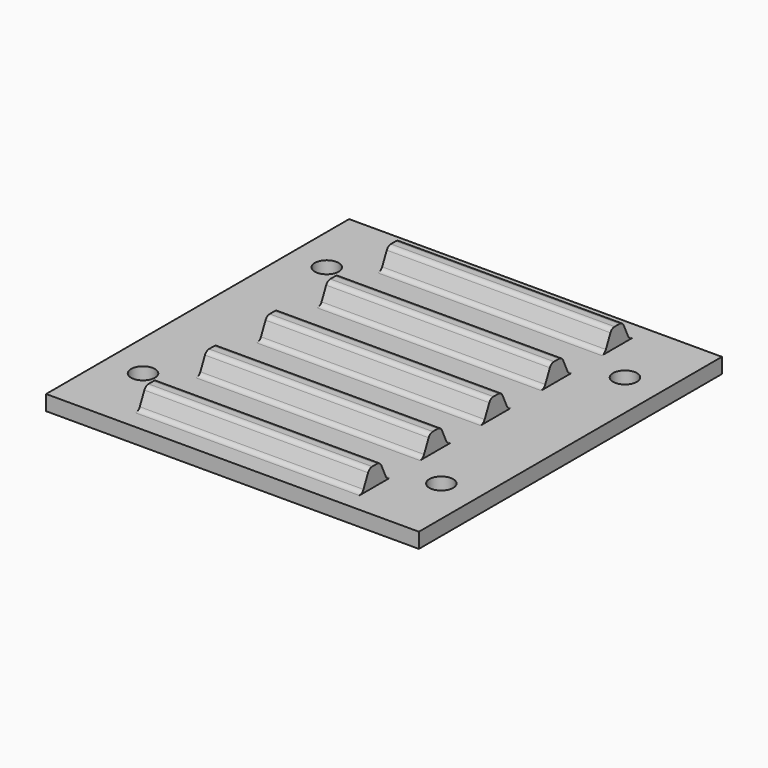
from build123d import *

# Parameters (mm, degrees)
F1_DEPTH = 7.5
F3_DEPTH = 5
F5_R     = 0.8
F6_DEPTH = 45


# Not quite as in the source:
# - ends of sketch curves that miss each other by under 0.0002 mm in the source are joined
# - a feature names something its author has since deleted; it is built from what else it names


with BuildPart() as f1:
    # F0 (on Right) → F1 (new body)
    with BuildSketch(Plane.YZ):
        with BuildLine():
            ThreePointArc((9.2226032736, 0.0929824566), (9.0820111575, -0.0673321366), (8.8773, -0.127))
            Line((8.8773, -0.127), (6.3627, -0.127))
            ThreePointArc((6.3627, -0.127), (6.1579888425, -0.0673321366), (6.0173967264, 0.0929824566))
            Line((6.0173967264, 0.0929824566), (5.6288146574, 0.9262855682))
            ThreePointArc((5.6288146574, 0.9262855682), (5.4882390894, 1.0842993961), (5.2850542, 1.143))
            Line((5.2850542, 1.143), (4.8749458, 1.143))
            ThreePointArc((4.8749458, 1.143), (4.668712979, 1.0823576494), (4.5281307776, 0.9197350317))
            Line((4.5281307776, 0.9197350317), (4.1426086033, 0.0929799713))
            ThreePointArc((4.1426086033, 0.0929799713), (4.0020111575, -0.0673321366), (3.7973, -0.127))
            Line((3.7973, -0.127), (1.2827, -0.127))
            ThreePointArc((1.2827, -0.127), (1.0779888425, -0.0673321366), (0.9373967264, 0.0929824566))
            Line((0.9373967264, 0.0929824566), (0.5488146574, 0.9262855682))
            ThreePointArc((0.5488146574, 0.9262855682), (0.4082390894, 1.0842993961), (0.2050542, 1.143))
            Line((0.2050542, 1.143), (-0.2050542, 1.143))
            ThreePointArc((-0.2050542, 1.143), (-0.411287021, 1.0823576494), (-0.5518692224, 0.9197350317))
            Line((-0.5518692224, 0.9197350317), (-0.9373913967, 0.0929799713))
            ThreePointArc((-0.9373913967, 0.0929799713), (-1.0779888425, -0.0673321366), (-1.2827, -0.127))
            Line((-1.2827, -0.127), (-3.7973, -0.127))
            ThreePointArc((-3.7973, -0.127), (-4.0020111575, -0.0673321366), (-4.1426032736, 0.0929824566))
            Line((-4.1426032736, 0.0929824566), (-4.5311853426, 0.9262855682))
            ThreePointArc((-4.5311853426, 0.9262855682), (-4.6717609106, 1.0842993961), (-4.8749458, 1.143))
            Line((-4.8749458, 1.143), (-5.2850542, 1.143))
            ThreePointArc((-5.2850542, 1.143), (-5.491287021, 1.0823576494), (-5.6318692224, 0.9197350317))
            Line((-5.6318692224, 0.9197350317), (-6.0173913967, 0.0929799713))
            ThreePointArc((-6.0173913967, 0.0929799713), (-6.1579888425, -0.0673321366), (-6.3627, -0.127))
            Line((-6.3627, -0.127), (-8.8773, -0.127))
            ThreePointArc((-8.8773, -0.127), (-9.0820111575, -0.0673321366), (-9.2226032736, 0.0929824566))
            Line((-9.2226032736, 0.0929824566), (-9.6111853426, 0.9262855682))
            ThreePointArc((-9.6111853426, 0.9262855682), (-9.7517609106, 1.0842993961), (-9.9549458, 1.143))
            Line((-9.9549458, 1.143), (-10.3650542, 1.143))
            ThreePointArc((-10.3650542, 1.143), (-10.571287021, 1.0823576494), (-10.7118692224, 0.9197350317))
            Line((-10.7118692224, 0.9197350317), (-11.0973913967, 0.0929799713))
            ThreePointArc((-11.0973913967, 0.0929799713), (-11.2379888425, -0.0673321366), (-11.4427, -0.127))
            Line((-11.4427, -0.127), (-12.7, -0.127))
            Line((-12.7, -0.127), (-12.7, -1.143))
            Line((-12.7, -1.143), (12.7, -1.143))
            Line((12.7, -1.143), (12.7, -0.127))
            Line((12.7, -0.127), (11.4427, -0.127))
            ThreePointArc((11.4427, -0.127), (11.2379888425, -0.0673321366), (11.0973967264, 0.0929824566))
            Line((11.0973967264, 0.0929824566), (10.7088146574, 0.9262855682))
            ThreePointArc((10.7088146574, 0.9262855682), (10.5682390894, 1.0842993961), (10.3650542, 1.143))
            Line((10.3650542, 1.143), (9.9549458, 1.143))
            ThreePointArc((9.9549458, 1.143), (9.748712979, 1.0823576494), (9.6081307776, 0.9197350317))
            Line((9.6081307776, 0.9197350317), (9.2226032736, 0.0929824566))
        make_face()
    extrude(amount=-F1_DEPTH)

    # F2 (on face) → F3 (join)
    with BuildSketch(Plane(origin=(-7.5, 0, 0), x_dir=(0, -1, 0), z_dir=(-1, 0, 0))):
        Polygon((-11.4427, -0.127), (-12.7, -0.127), (-12.7, -1.143), (12.7, -1.143), (12.7, -0.127), (11.4427, -0.127), (8.8773, -0.127), (6.3627, -0.127), (3.7973, -0.127), (1.2827, -0.127), (-1.2827, -0.127), (-3.7973, -0.127), (-6.3627, -0.127), (-8.8773, -0.127), align=None)
    extrude(amount=F3_DEPTH)

    # F4: F1 across plane


with BuildPart() as f1_1:
    add(f1.part)
    add(f1.part.mirror(Plane.YZ))

    # F5 (on face) → F6 (cut)
    with BuildSketch(Plane.XY.offset(-0.127)):
        with Locations((10, 7.7)):
            Circle(F5_R)
        with Locations((10, -7.7)):
            Circle(F5_R)
        with Locations((-10, 7.7)):
            Circle(F5_R)
        with Locations((-10, -7.7)):
            Circle(F5_R)
    extrude(amount=-F6_DEPTH, mode=Mode.SUBTRACT)


solid = f1_1.part

§ **Your task**
Which lines above contain the word "BuildPart"? Copy each one.

§ **Answer box**
with BuildPart() as f1:
with BuildPart() as f1_1:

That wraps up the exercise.